The GoDaddy whitelist program has created a dire situation where businesses dependent upon unmasked and robust port 43 Whois access are forced to negotiate wholly subjective terms for access, and are fearful of filing complaints with ICANN because they are reticent to publicize any disruption in service, or because they fear retaliation from GoDaddy…

This is a very serious contractual breach, which threatens to undermine the stability and security of the Internet, as well as embolden other registrars to make similar unilateral changes to their own port 43 Whois services. It has persisted for far too long, having been officially implemented on January 25, 2018. The tools our communities use to do our jobs are broken. Cybersecurity teams are flying blind without port 43 Whois data. And illegal activity will proliferate online, all ostensibly in order to protect GoDaddy customers from spam emails. That is completely disproportionate and unacceptable

He did not disclose which client, if any, he was writing on behalf of, presumably due to fear of reprisals.

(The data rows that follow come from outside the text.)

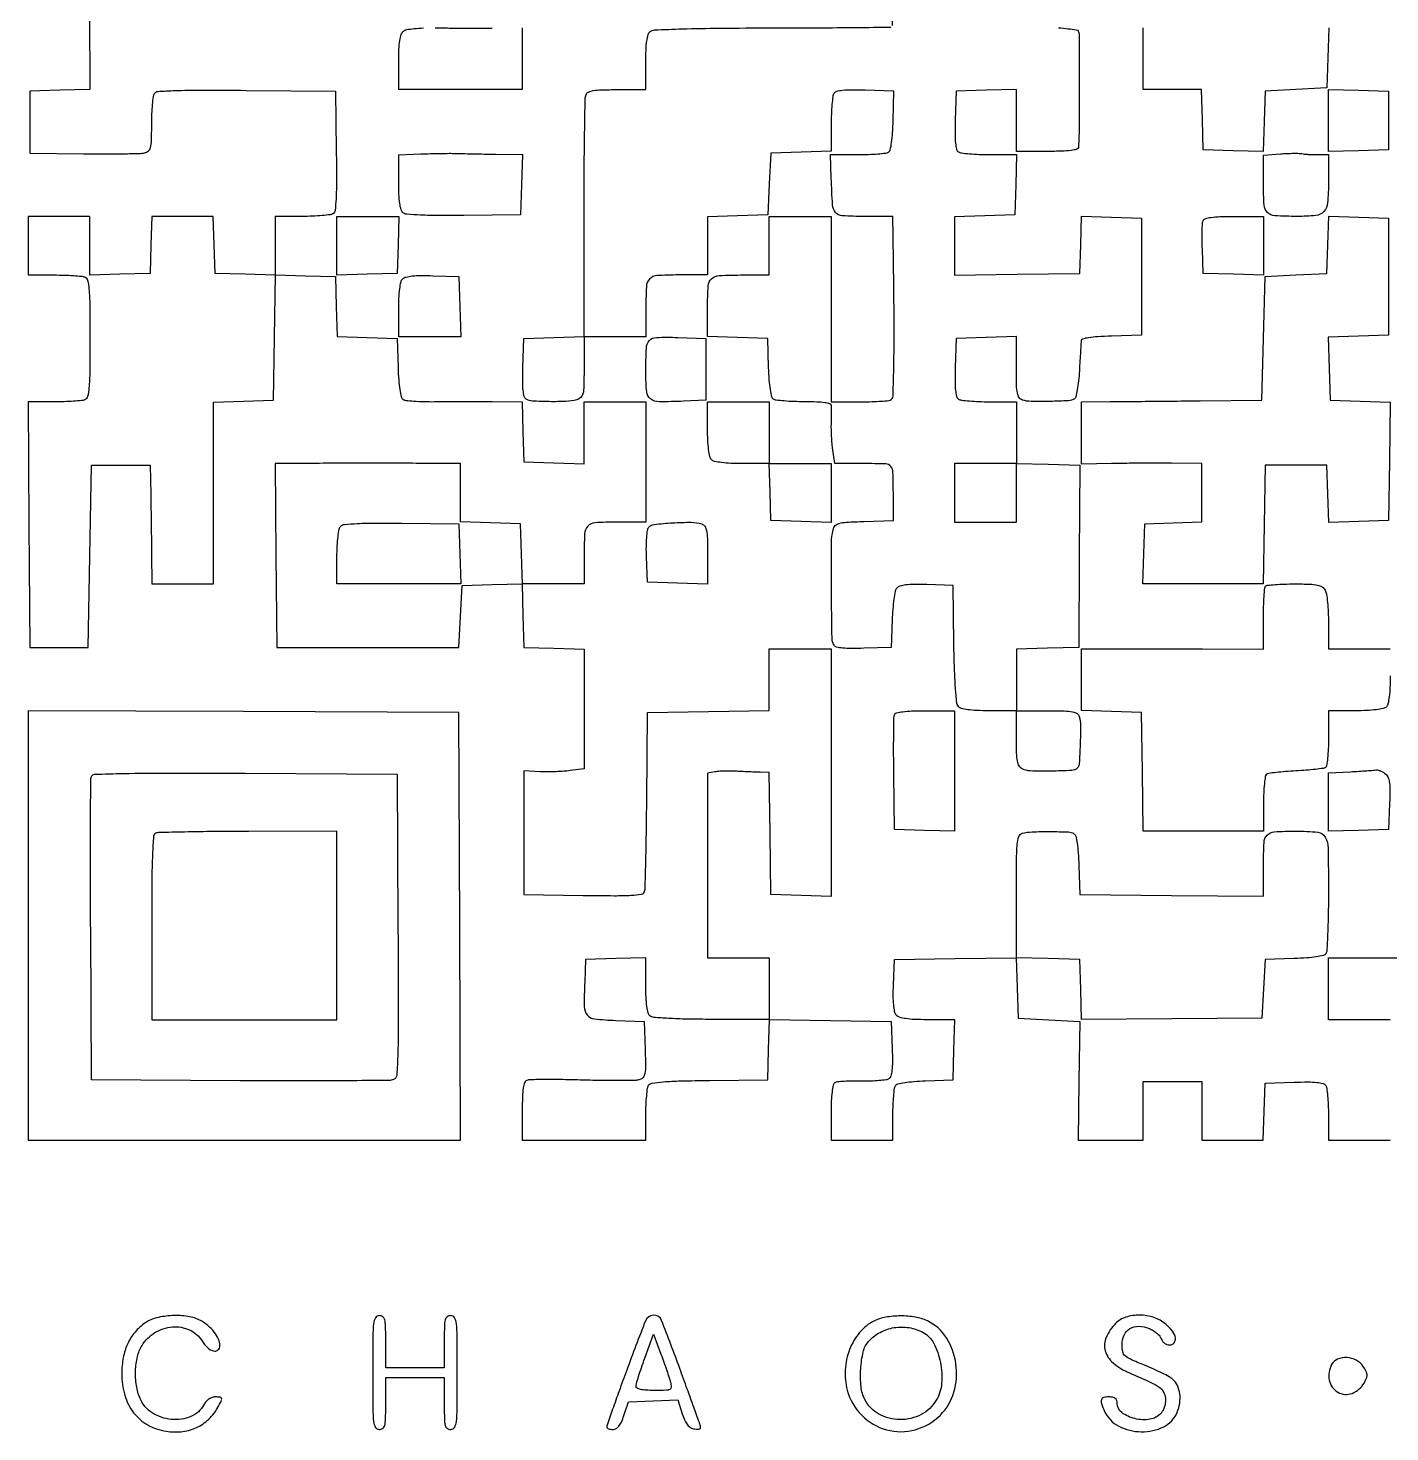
# Model space of a CAD drawing. Extents: x 156 to 936, y 100 to 969.
# Drawn here: x 156 to 574.9, y 100.2 to 531.9 of the extents above; entities that cross this region are included whole.
import ezdxf

# ---------------------------------------------------------------- set-up
doc = ezdxf.new("R2010")
doc.units = 0

msp = doc.modelspace()

# ---------------------------------------------------------------- linework, layer by layer
for points in [[(174.759768, 560.287655), (175.019536, 513.07531), (165.759768, 512.787655), (156.5, 512.5), (156.5, 503), (156.5, 493.5), (173, 493.288608, 0.002859), (179.484347, 493.242621, 0.00393), (185.314062, 493.280443, 0.00254), (190.206039, 493.375499, 0.046499), (191.75, 493.55766, 0.117177), (192.998737, 494.151136, 0.161236), (193.66874, 495.187004, 0.057835), (193.951617, 497.210958, 0.005366), (194.015313, 502.269052, -0.009009), (194.079825, 505.513949, -0.012036), (194.262256, 508.454164, -0.00932), (194.517382, 510.882536, -0.111018), (194.834466, 511.766401, -0.238479), (195.964071, 512.438935, -0.008349), (201.206078, 512.712289, -0.009301), (209.183108, 512.846326, -0.001978), (223.069153, 512.766401), (250.5, 512.5), (250.773242, 494.073381, -0.003139), (250.85189, 484.874845, -0.013555), (250.716146, 479.410177, -0.01557), (250.421641, 475.873481, -0.226527), (249.773242, 474.838694, -0.110913), (248.885205, 474.51997, -0.009356), (246.450577, 474.263497, -0.012063), (243.502688, 474.080135, -0.009035), (240.25, 474.015313), (232, 474), (232, 464.962474), (232, 455.924948), (222.75, 456.212474), (213.5, 456.5), (213.211067, 465.25), (212.922134, 474), (203.5, 474), (194.077866, 474), (193.788933, 465.25), (193.5, 456.5), (184.25, 456.212474), (175, 455.924948), (175, 464.962474), (175, 474), (165.5, 474), (156, 474), (156, 465), (156, 456), (163.918213, 456, -0.00705), (167.066073, 455.955615, -0.008902), (169.9751, 455.821697, -0.007317), (172.400281, 455.631074, -0.06844), (173.418213, 455.393011, -0.248646), (174.287914, 454.395349, -0.036527), (174.720076, 451.657417, -0.018394), (174.948864, 446.766599, -0.00249), (175, 436.5, -0.00249), (174.948864, 426.233401, -0.018394), (174.720076, 421.342583, -0.036527), (174.287914, 418.604651, -0.248646), (173.418213, 417.606989, -0.068473), (172.39994, 417.368917, -0.007304), (169.971568, 417.178303, -0.008893), (167.058655, 417.044385, -0.007039), (163.906187, 417), (155.97595, 417), (156.237975, 379.25), (156.5, 341.5), (165.5, 341.5), (174.5, 341.5), (175, 369.5), (175.5, 397.5), (184.5, 397.5), (193.5, 397.5), (193.698134, 388.5, -0.00132), (193.777843, 384.385751, -0.000758), (193.853302, 379.426562, -0.000758), (193.91401, 374.443617, -0.001265), (193.948134, 370.25), (194, 361), (203.5, 361), (213, 361), (213, 388.962474), (213, 416.924948), (222.25, 417.212474), (231.5, 417.5), (231.771723, 436.787238), (232.043446, 456.074477), (241.271723, 455.787238), (250.5, 455.5), (250.787036, 446.287036), (251.074071, 437.074071), (260.287036, 436.787036), (269.5, 436.5), (269.792098, 427.532999, 0.009858), (269.991754, 423.71747, 0.020103), (270.327592, 420.736728, 0.019888), (270.755925, 418.535291, 0.190822), (271.292098, 417.766591, 0.119292), (272.152746, 417.455183, 0.008999), (274.642054, 417.226232, 0.012014), (277.656184, 417.076334, 0.008841), (281, 417.049645, -0.001414), (284.918146, 417.076573, -0.000779), (289.709289, 417.08848, -0.000777), (294.568067, 417.085431, -0.001247), (298.712474, 417.066053), (307.924948, 417), (308.212474, 407.75), (308.5, 398.5), (317.75, 398.212474), (327, 397.924948), (327, 407.462474), (327, 417), (336.5, 417), (346, 417), (346, 398.5), (346, 380), (337.106989, 380, 0.014768), (330.349521, 379.800362, 0.195511), (328.14255, 378.747254, 0.175208), (327.170753, 376.400012, 0.01141), (327, 368.918213), (327, 361), (317.537526, 361), (308.075052, 361), (307.787526, 370.25), (307.5, 379.5), (298.25, 379.787526), (289, 380.075052), (289, 389.037526), (289, 398), (280, 398.057692, 0.00094), (270.821207, 398.09927, 0.000662), (260.49967, 398.112942, 0.000662), (250.174527, 398.099268, 0.000938), (240.984427, 398.057692), (231.968853, 398), (232.234427, 369.75), (232.5, 341.5), (260.5, 341.5), (288.5, 341.5), (289, 351), (289.5, 360.5), (298.713341, 360.787041), (307.926682, 361.074081), (308.213341, 351.287041), (308.5, 341.5), (317.75, 341.212474), (327, 340.924948), (327, 322.523747), (327, 304.122546), (322.75, 303.580389, -0.015323), (320.764054, 303.388676, -0.007989), (318.279688, 303.265313, -0.007936), (315.723918, 303.219903, -0.01201), (313.5, 303.269116), (308.5, 303.5), (308.5, 284.5), (308.5, 265.5), (326.772695, 265.227354, 0.002853), (336.293948, 265.139628, 0.015208), (341.493118, 265.279556, 0.020863), (344.672065, 265.595435, 0.272357), (345.563798, 266.305659, 0.084531), (345.777629, 267.372864, 0.000842), (345.991288, 275.168016, 0.002728), (346.173565, 284.16213, 0.001762), (346.291103, 294.578305), (346.5, 321.5), (365.25, 321.772065), (384, 322.044131), (384, 331.522065), (384, 341), (393.5, 341), (403, 341), (403, 302.962474), (403, 264.924948), (393.75, 265.212474), (384.5, 265.5), (384.227935, 284.25), (383.955869, 303), (381.227935, 303.067897, -0.003647), (379.871712, 303.111553, -0.001384), (377.979456, 303.191527, -0.00137), (375.922766, 303.289802, -0.001675), (374, 303.393419, 0.010918), (372.11212, 303.460188, 0.009908), (370.160937, 303.4479, 0.009974), (368.4157, 303.367456, 0.031138), (367.25, 303.217114), (365, 302.783184), (365, 274.391592), (365, 246), (374.5, 246), (384, 246), (384, 236.544077), (384, 227.088155), (366.27854, 227.105428, -0.004522), (358.787933, 227.180481, -0.009408), (352.951528, 227.401667, -0.006257), (348.427395, 227.715278, -0.15395), (347.27854, 228.183795, -0.158742), (346.704823, 229.092385, -0.028569), (346.319507, 231.08265, -0.023572), (346.075223, 233.884211, -0.00996), (346, 237.659971), (346, 246.075052), (336.75, 245.787526), (327.5, 245.5), (327.199088, 238.520917, 0.012477), (327.062458, 230.988791, 0.170867), (327.97509, 228.45151, 0.198326), (330.222155, 227.237089, 0.017722), (336.759315, 226.788797), (345.5, 226.5), (345.787775, 217.829377, -0.005507), (345.89944, 212.791843, -0.044967), (345.718553, 210.498889, -0.11793), (345.193307, 209.268155, -0.157615), (344.211194, 208.56703, -0.071826), (342.890744, 208.348614, -0.003232), (338.272952, 208.283703, -0.005366), (332.776781, 208.300967, -0.003809), (326.613933, 208.433442, 0.003516), (320.481118, 208.568868, 0.005139), (315.079417, 208.594621, 0.002617), (310.508459, 208.545507, 0.087832), (309.440514, 208.338799, 0.21295), (308.7329, 207.630278, 0.053498), (308.306035, 206.01415, 0.030564), (308.064875, 203.348624, 0.00728), (308, 198.893011), (308, 190), (327, 190), (346, 190), (346.015313, 197.75, -0.00996), (346.082426, 200.814637, -0.013006), (346.27245, 203.611937, -0.010609), (346.539256, 205.920632, -0.107612), (346.869169, 206.822552, -0.218218), (347.922054, 207.506405, -0.016609), (351.376489, 207.898813, -0.014132), (356.711843, 208.174542, -0.003364), (365.603857, 208.322552), (383.5, 208.5), (383.787816, 217.771926), (384.075632, 227.043852), (402.787816, 226.771926), (421.5, 226.5), (421.793098, 218.085653, -0.008579), (421.863653, 214.091053, -0.027002), (421.720376, 211.414933, -0.038864), (421.388353, 209.642382, -0.183076), (420.793098, 208.817338, -0.113432), (419.921368, 208.491447, -0.012579), (417.793131, 208.263496, -0.014808), (415.211179, 208.129293, -0.011482), (412.396283, 208.131109, 0.009569), (409.591934, 208.143646, 0.012695), (407.042562, 208.041471, 0.010052), (404.936987, 207.860901, 0.112451), (404.146283, 207.590408, 0.205089), (403.650955, 206.885693, 0.020866), (403.304932, 204.824969, 0.020975), (403.073087, 202.027657, 0.010188), (403, 198.440983), (403, 190), (412.5, 190), (422, 190), (422.015313, 197.75, -0.009121), (422.07711, 200.806269, -0.012155), (422.251296, 203.57771, -0.009471), (422.494844, 205.866303, -0.110752), (422.797157, 206.706033, -0.192561), (423.533237, 207.236162, -0.02067), (425.63313, 207.666992, -0.020911), (428.460658, 208.005667, -0.010674), (432.031844, 208.206033), (440.5, 208.5), (440.787526, 217.75), (441.075052, 227), (432.659971, 227, -0.009216), (428.629964, 227.07429, -0.027852), (425.896733, 227.327985, -0.0407), (424.053907, 227.75869, -0.142737), (423.05437, 228.434488, -0.124531), (422.554045, 229.483766, -0.025784), (422.254974, 231.523339, -0.022332), (422.120193, 234.250403, -0.011351), (422.181926, 237.684488), (422.5, 245.5), (441.212184, 245.771926), (459.924368, 246.043852), (460.212184, 236.771926), (460.5, 227.5), (470, 227), (479.5, 226.5), (479.232364, 208.25), (478.964729, 190), (488.982364, 190), (499, 190), (499, 199), (499, 208), (508, 208), (517, 208), (517, 199), (517, 190), (526.461067, 190), (535.922134, 190), (536.211067, 198.75), (536.5, 207.5), (545.41543, 207.791346, -0.007874), (549.674656, 207.863419, -0.025891), (552.481964, 207.721257, -0.03736), (554.324421, 207.391596, -0.190691), (555.150117, 206.791346, -0.10844), (555.472644, 205.905885, -0.010308), (555.733216, 203.60277, -0.012782), (555.918998, 200.812394, -0.009736), (555.984687, 197.75), (556, 190), (565.5, 190), (575, 190)], [(472.943401, 532.030979, -0.013777), (475.962781, 531.738134, -0.008518), (478.436978, 531.386255, -0.218091), (478.988336, 531.018873, -0.138239), (479.296701, 529.941793, -0.000422), (479.343969, 515.434377, -0.002418), (479.312266, 502.347079, -0.013104), (479.074677, 495.25, -0.316921), (478.596346, 494.650545, -0.038438), (476.852083, 494.28486, -0.025617), (474.020965, 494.061884, -0.006844), (469.5, 494), (460, 494), (460, 503.537526), (460, 513.075052), (450.75, 512.787526), (441.5, 512.5), (441.208654, 503.58457, 0.007874), (441.136581, 499.325344, 0.025891), (441.278743, 496.518036, 0.03736), (441.608404, 494.675579, 0.190691), (442.208654, 493.849883, 0.110589), (443.107413, 493.52683, 0.009469), (445.555128, 493.266784, 0.012148), (448.519159, 493.080958, 0.009118), (451.787526, 493.015313), (460.075052, 493), (459.787526, 483.75), (459.5, 474.5), (450.25, 474.212474), (441, 473.924948), (441, 464.940881), (441, 455.956814), (460.25, 456.228407), (479.5, 456.5), (479.789473, 465.287003), (480.078945, 474.074007), (489.289473, 473.787003), (498.5, 473.5), (498.5, 455.5), (498.5, 437.5), (489.25, 437.212474, 0.007831), (485.043041, 437.015719, 0.024254), (482.218289, 436.701178, 0.030906), (480.38218, 436.288297, 0.315178), (479.919223, 435.712474, 0.001632), (479.867857, 434.90156, 0.000103), (479.724984, 432.514821, 0.000151), (479.556191, 429.670811, 0.000113), (479.371416, 426.52947, -0.011867), (479.115735, 423.42831, -0.017215), (478.731292, 420.708518, -0.01288), (478.28559, 418.516612, -0.200332), (477.8481, 417.906121, -0.126152), (476.040886, 417.341938, -0.007373), (470.228925, 417.127544, -0.009816), (464.515925, 417.113301, -0.072676), (461.836764, 417.551809, -0.171469), (460.863556, 418.286999, -0.101214), (460.313878, 419.653472, -0.039936), (460.056988, 422.191255, -0.005263), (460, 427.604913), (460, 437.075052), (450.75, 436.787526), (441.5, 436.5), (441.208654, 427.58457, 0.007874), (441.136581, 423.325344, 0.025891), (441.278743, 420.518036, 0.03736), (441.608404, 418.675579, 0.190691), (442.208654, 417.849883, 0.110447), (443.10652, 417.526866, 0.009524), (445.544105, 417.266784, 0.01219), (448.496014, 417.080961, 0.009158), (451.75, 417.015313), (460, 417), (460, 407.536212), (460, 398.072424), (469.75, 397.786212), (479.5, 397.5), (479.352024, 369.5), (479.204048, 341.5), (469.602024, 341.213788), (460, 340.927576), (460, 331.463788), (460, 322), (469.432612, 322, -0.005382), (474.732176, 321.942949, -0.038402), (477.283166, 321.691387, -0.095847), (478.649901, 321.167291, -0.191198), (479.326723, 320.25, -0.063414), (479.717117, 317.291205, -0.010825), (479.619702, 311.601854, -0.006215), (479.318335, 305.720851, -0.182459), (478.711053, 304.377523, -0.186673), (477.019281, 303.629771, -0.008538), (470.589419, 303.436805, -0.011172), (464.278175, 303.49624, -0.112648), (461.75, 304.158271, -0.147014), (460.852704, 305.032537, -0.080663), (460.328622, 306.488649, -0.039016), (460.065379, 308.950755, -0.00713), (460, 313.535184), (460, 322), (451.622445, 322, -0.00979), (447.787976, 322.075082, -0.024916), (445.017003, 322.32229, -0.032122), (443.081684, 322.720689, -0.153905), (442.146237, 323.323796, -0.150078), (441.652029, 324.509893, -0.006421), (441.267561, 329.0752, -0.009449), (440.958517, 334.981462, -0.004527), (440.773792, 342.573796), (440.5, 360.5), (432.403945, 360.787955, 0.009286), (428.542386, 360.853535, 0.027996), (425.914254, 360.702074, 0.040696), (424.140288, 360.351899, 0.151604), (423.197621, 359.738119, 0.125475), (422.74742, 358.789423, 0.012743), (422.327227, 356.311068, 0.015307), (421.98723, 353.284084, 0.011626), (421.793676, 349.950164), (421.5, 341.5), (413.085653, 341.206902, -0.008871), (409.214298, 341.140783, -0.02505), (406.513738, 341.277966, -0.032572), (404.679764, 341.58517, -0.199104), (403.916759, 342.134687, -0.135579), (403.292104, 344.274238, -0.001575), (403.122426, 359.161173, -0.002973), (403.089714, 373.378558, -0.060639), (403.623934, 377.637769, -0.120786), (404.301253, 378.91897, -0.146483), (405.452816, 379.63005, -0.052711), (407.682385, 379.982903, -0.004979), (413.219174, 380.213788), (422.239709, 380.5), (422.178678, 386.75, 0.003995), (422.024963, 395.407262, 0.165314), (421.38668, 397.137518, 0.218172), (419.855441, 397.896383, 0.007625), (413.061273, 398), (404.122546, 398), (403.536804, 402.25, -0.012803), (403.322377, 404.167651, -0.007954), (403.164352, 406.426562, -0.007978), (403.079417, 408.661898, -0.014275), (403.091412, 410.5, 0.003607), (403.13664, 412.123069, 0.003996), (403.156494, 413.692187, 0.003711), (403.152797, 415.031176, 0.020567), (403.115881, 415.75, 0.296915), (402.650972, 416.337194, 0.043465), (401.100491, 416.711671, 0.028702), (398.606392, 416.943594, 0.00837), (394.75, 417.015313, -0.008591), (391.501991, 417.077158, -0.011595), (388.568616, 417.251635, -0.008743), (386.144238, 417.495093, -0.112618), (385.292098, 417.798312, -0.195149), (384.75425, 418.552989, -0.020215), (384.326695, 420.737125, -0.020298), (383.991711, 423.707636, -0.009786), (383.792098, 427.532999), (383.5, 436.5), (374.25, 436.787526), (365, 437.075052), (365, 445.930537, -0.014889), (365.20038, 452.658129, -0.195866), (366.254332, 454.860252, -0.174757), (368.602344, 455.829682, -0.011384), (376.081787, 456), (384, 456), (384, 465), (384, 474), (393.5, 474), (403, 474), (403, 445.5), (403, 417), (411.418213, 417, 0.00562), (414.739629, 417.037334, 0.007491), (417.754788, 417.150341, 0.005479), (420.267971, 417.309896, 0.073265), (421.168213, 417.511801, 0.301093), (422.052459, 418.753066, 0.00391), (422.31529, 428.765584, 0.0068), (422.385237, 443.266944, 0.001561), (422.093893, 467.75), (422, 474), (413.108408, 474, -0.014141), (406.445583, 474.188475, -0.204626), (404.375032, 475.214946, -0.162814), (403.441703, 477.524293, -0.008223), (403.072603, 485.75), (402.866673, 493), (411.183336, 493.015313, 0.008353), (414.455082, 493.075999, 0.011339), (417.40436, 493.247036, 0.008412), (419.84312, 493.485395, 0.113526), (420.682571, 493.782656, 0.198516), (421.204149, 494.525055, 0.019395), (421.608492, 496.725599, 0.019929), (421.91648, 499.702776, 0.009731), (422.083552, 503.517344), (422.301961, 512.5), (413.485551, 512.791346, 0.007996), (409.27832, 512.863051, 0.026121), (406.498483, 512.720652, 0.037704), (404.672129, 512.390608, 0.190065), (403.849883, 511.791346, 0.110303), (403.526902, 510.894378, 0.00958), (403.266784, 508.466919, 0.012233), (403.080964, 505.527132, 0.009199), (403.015313, 502.287526), (403, 494.075052), (393.75, 493.787526), (384.5, 493.5), (384, 484), (383.5, 474.5), (374.25, 474.212474), (365, 473.924948), (365, 464.962474), (365, 456), (356.106989, 456, 0.014768), (349.349521, 455.800362, 0.195511), (347.14255, 454.747254, 0.175208), (346.170753, 452.400012, 0.01141), (346, 444.918213), (346, 437), (336.5, 437), (327, 437), (327, 427.616631, -0.004454), (326.948046, 421.783877, -0.050992), (326.673988, 419.505489, -0.149036), (326.006151, 418.332297, -0.124529), (324.75, 417.630286, -0.054406), (321.512121, 417.130553, -0.01464), (316.304953, 417.051666, -0.010795), (311.112637, 417.237201, -0.127697), (309.208654, 417.849883, -0.190691), (308.608404, 418.675579, -0.03736), (308.278743, 420.518036, -0.025891), (308.136581, 423.325344, -0.007874), (308.208654, 427.58457), (308.5, 436.5), (317.75, 436.787526), (327, 437.075052), (327, 473.455738, -0.001559), (327.043843, 487.51473, -0.002438), (327.178303, 499.614248, -0.000662), (327.360797, 510.155271, -0.087163), (327.606989, 511.418213, -0.192406), (328.346128, 512.217093, -0.06988), (329.845898, 512.688469, -0.034532), (332.428287, 512.937024, -0.00673), (337.106989, 513), (346, 513), (346, 521.377555, -0.009851), (346.075152, 525.191494, -0.024576), (346.321627, 527.967811, -0.031181), (346.716538, 529.915672, -0.155152), (347.311661, 530.843693, -0.164535), (348.695163, 531.374861, -0.00261), (357.225475, 531.675337, -0.005357), (368.58433, 531.894315, -0.001854), (384.986103, 531.973913, 0.000899), (398.953287, 532.015016, 0.001478), (410.769955, 532.105957, 0.000125), (421.357032, 532.221368, 0.196016)], [(421.843317, 532.699345, 0.000479), (422.011489, 537.938127, 0.002884)], [(308, 532), (308, 522.5), (308, 513), (289, 513), (270, 513), (270, 521.377555, -0.009304), (270.074457, 525.378702, -0.027785), (270.328036, 528.104268, -0.040342), (270.757286, 529.94612, -0.143081), (271.429025, 530.941096, -0.126079), (272.478059, 531.437386, -0.020842), (274.70906, 531.773153, -0.01976), (277.627836, 531.972485, -0.011128)], [(281.179025, 531.99527, 0.001986), (285.031804, 531.949547, 0.001071), (289.779383, 531.922233, 0.001066), (294.61721, 531.915076, 0.001677), (298.772065, 531.931729)], [(575, 332.7, -0.011084), (574.92177, 329.171507, -0.020332), (574.677711, 326.306878, -0.021091), (574.310542, 324.139671, -0.144849), (573.8, 323.2, -0.144849), (572.860329, 322.689458, -0.021091), (570.693122, 322.322289, -0.020332), (567.828493, 322.07823, -0.011084), (564.3, 322), (556, 322), (556, 313.559017, -0.010483), (555.931285, 310.282063, -0.015669), (555.721616, 307.425522, -0.010601), (555.42787, 305.10292, -0.221053), (555.05231, 304.53233, -0.104717), (554.356068, 304.282197, -0.005533), (551.999357, 303.985678, -0.008512), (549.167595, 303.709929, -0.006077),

He added that his initial outreaches to ICANN Compliance have not proved fruitful.

ICANN said last November that it would not prosecute registrar breaches of the Whois provisions of the Registrar Accreditation Agreements, subject to certain limits, as the industry focuses on becoming compliant with the General Data Protection Regulation.

But GoDaddy has told us that the port 43 throttling is unrelated to GDPR and to the compliance waiver.

Masking Whois data, whether over port 43 or not, is likely to soon become a fact of life anyway. ICANN’s current proposal for GDPR compliance would see public Whois records gutted, with only accredited users (such as law enforcement) getting access to full records.